Regarding How to unsquash a commit? I want to do the same - unsquash a commit.
For the moment I had the same idea to simply delete the current commit and cherry-pick the squashed commits of it.
Unfortunately, when I try to pick such a commit I get the following error message:
fatal: bad revision XXXXX
Okay. So it seems that the related commit does not exist in my local repository. But it does obviously exist in my remote repository hosted on Bitbucket.
In Bitbucket I can access the related commit via its hash. I can see the diffs, everything's there.
How is this possible, even if I performed a git fetch --all
?
Does Bitbucket store these commits in another manner?
How can I access / cherry-pick these commits from the remote repository, as they still exist there?
In Bitbucket I can access the related commit via its hash. I can see the diffs, everything's there.
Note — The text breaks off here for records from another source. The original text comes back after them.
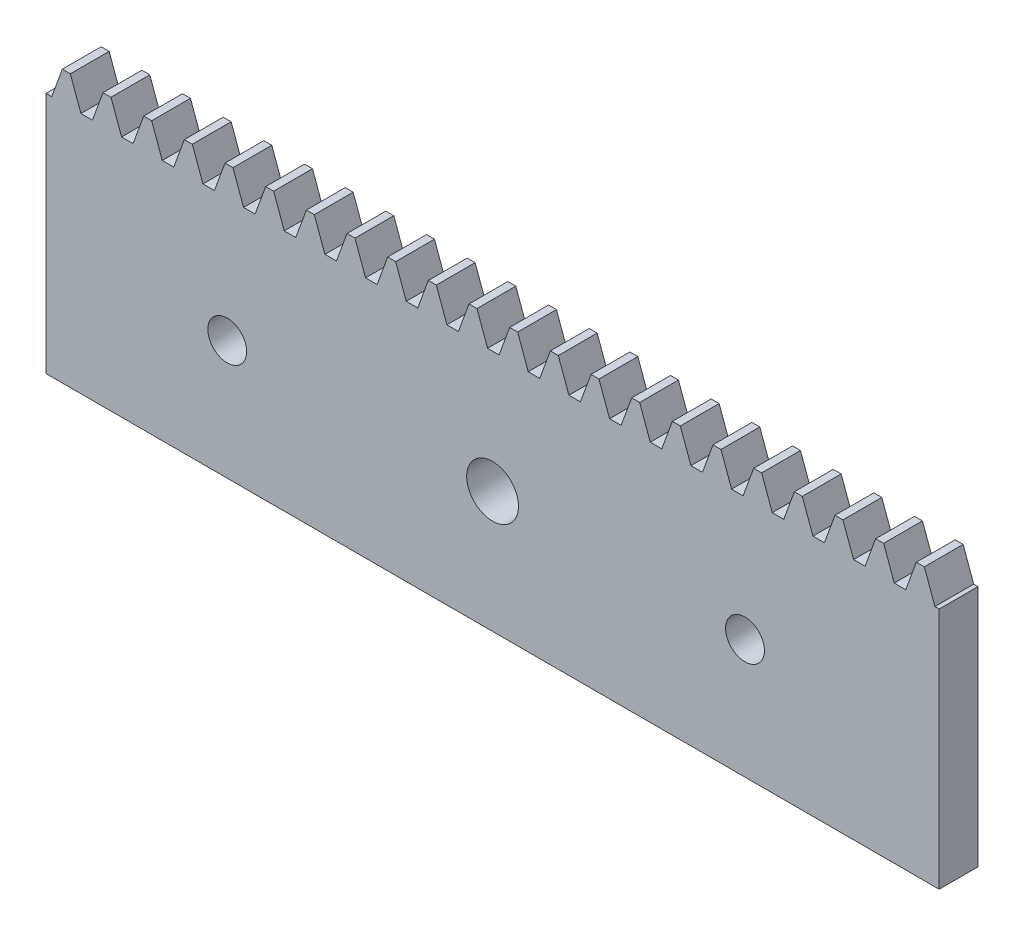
from build123d import *

# Parameters (mm, degrees)
BLANKSKE_W         = 69
BLANKSKE_H         = 21
BLANK_DEPTH        = 3
TOOTHCUTSIM_DEPTH  = 73.187256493
TEETHCUTS_COUNT    = 23
TEETHCUTS_PITCH    = 3.14159265
CUT_EXTRUDE1_REACH = 74.187
SKETCH1_R          = 1.5
CUT_EXTRUDE2_REACH = 74.187
SKETCH2_R          = 2


with BuildPart() as part:
    # BlankSke → Blank (new body)
    with BuildSketch(Plane.XY):
        with Locations((34.5, 10.5)):
            Rectangle(BLANKSKE_W, BLANKSKE_H)
    extrude(amount=-BLANK_DEPTH)

    # TooCutSkeSim → ToothCutSim (cut, through all)
    with BuildSketch(Plane.XY):
        Polygon((0.44443537, 18.75), (-0.44443537, 18.75), (-1.272613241, 21.0254), (1.272613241, 21.0254), align=None)
    toothcutsim = extrude(amount=-TOOTHCUTSIM_DEPTH, mode=Mode.SUBTRACT)

    # TeethCuts: ToothCutSim ×23
    with Locations(*[(i * TEETHCUTS_PITCH, 0, 0) for i in range(1, TEETHCUTS_COUNT)]):
        add(toothcutsim, mode=Mode.SUBTRACT)

    # Sketch1 → Cut-Extrude1 (cut, up to next)
    with BuildSketch(Plane.XY, mode=Mode.PRIVATE) as cut_extrude1_sk1:
        with Locations((14, 9.216013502)):
            Circle(SKETCH1_R)
    cut_extrude1_tool1 = extrude(cut_extrude1_sk1.sketch, amount=-CUT_EXTRUDE1_REACH, mode=Mode.PRIVATE) & part.part
    # Sketch1 → Cut-Extrude1 (cut, up to next)
    with BuildSketch(Plane.XY, mode=Mode.PRIVATE) as cut_extrude1_sk2:
        with Locations((54, 9.216013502)):
            Circle(SKETCH1_R)
    cut_extrude1_tool2 = extrude(cut_extrude1_sk2.sketch, amount=-CUT_EXTRUDE1_REACH, mode=Mode.PRIVATE) & part.part
    add(cut_extrude1_tool1.solids().sort_by_distance((14, 9.216014, 0))[0], mode=Mode.SUBTRACT)
    add(cut_extrude1_tool2.solids().sort_by_distance((54, 9.216014, 0))[0], mode=Mode.SUBTRACT)

    # Sketch2 → Cut-Extrude2 (cut, up to next)
    with BuildSketch(Plane.XY, mode=Mode.PRIVATE) as cut_extrude2_sk1:
        with Locations((34.5, 9.375)):
            Circle(SKETCH2_R)
    cut_extrude2_tool1 = extrude(cut_extrude2_sk1.sketch, amount=-CUT_EXTRUDE2_REACH, mode=Mode.PRIVATE) & part.part
    add(cut_extrude2_tool1.solids().sort_by_distance((34.5, 9.375, 0))[0], mode=Mode.SUBTRACT)


solid = part.part

How is this possible, even if I performed a git fetch --all? Does Bitbucket store these commits in another manner?
Git objects (commits and other types) do not have a reference count, so they aren't immediately discarded as soon as they become "unused". Instead they remain in the object store for several days or weeks until the next periodic "garbage collection" run. Until that happens, they remain accessible directly by their ID (and can even be re-attached to a branch).
This applies equally to BitBucket as it does to GitHub or even your local Git repositories (especially to your local repositories: it's what allows Git's "reflog" feature to work).
However, fetch
or push
will not transfer unreferenced objects. When you do git fetch
, it will look at the configured refs (typically refs/heads/*
aka standard branches) and will only transfer objects referenced by those branches; not the entire object store.
(And similarly, when you commit --amend
a mistake and then git push
the result, it will only push the new commit object that's part of the branch – but not the old commit, even though it still exists in your local repository.)
So if you want to retrieve stale commits, you need to fetch them by their specific IDs (this requires the full object ID; abbreviations will not work):
git fetch origin XXXXXXXX
Now the commit is in your local repository's object-store and can be cherry-picked, seen in git show XXXX
or git log XXXX
, or even attached to a new branch using git branch foo XXXX
. The latter would actually be the easiest way to un-squash something: just fetch the "topmost" commit and put it in a branch, and now you have exactly the same commits – IDs, committer, signature, everything – as the pull request had.
Not all Git servers support fetching by exact ID. This is a relatively new thing, as it became necessary to support "filtered clone", so you'll still encounter servers which only allow fetching the tip of a branch and nothing else.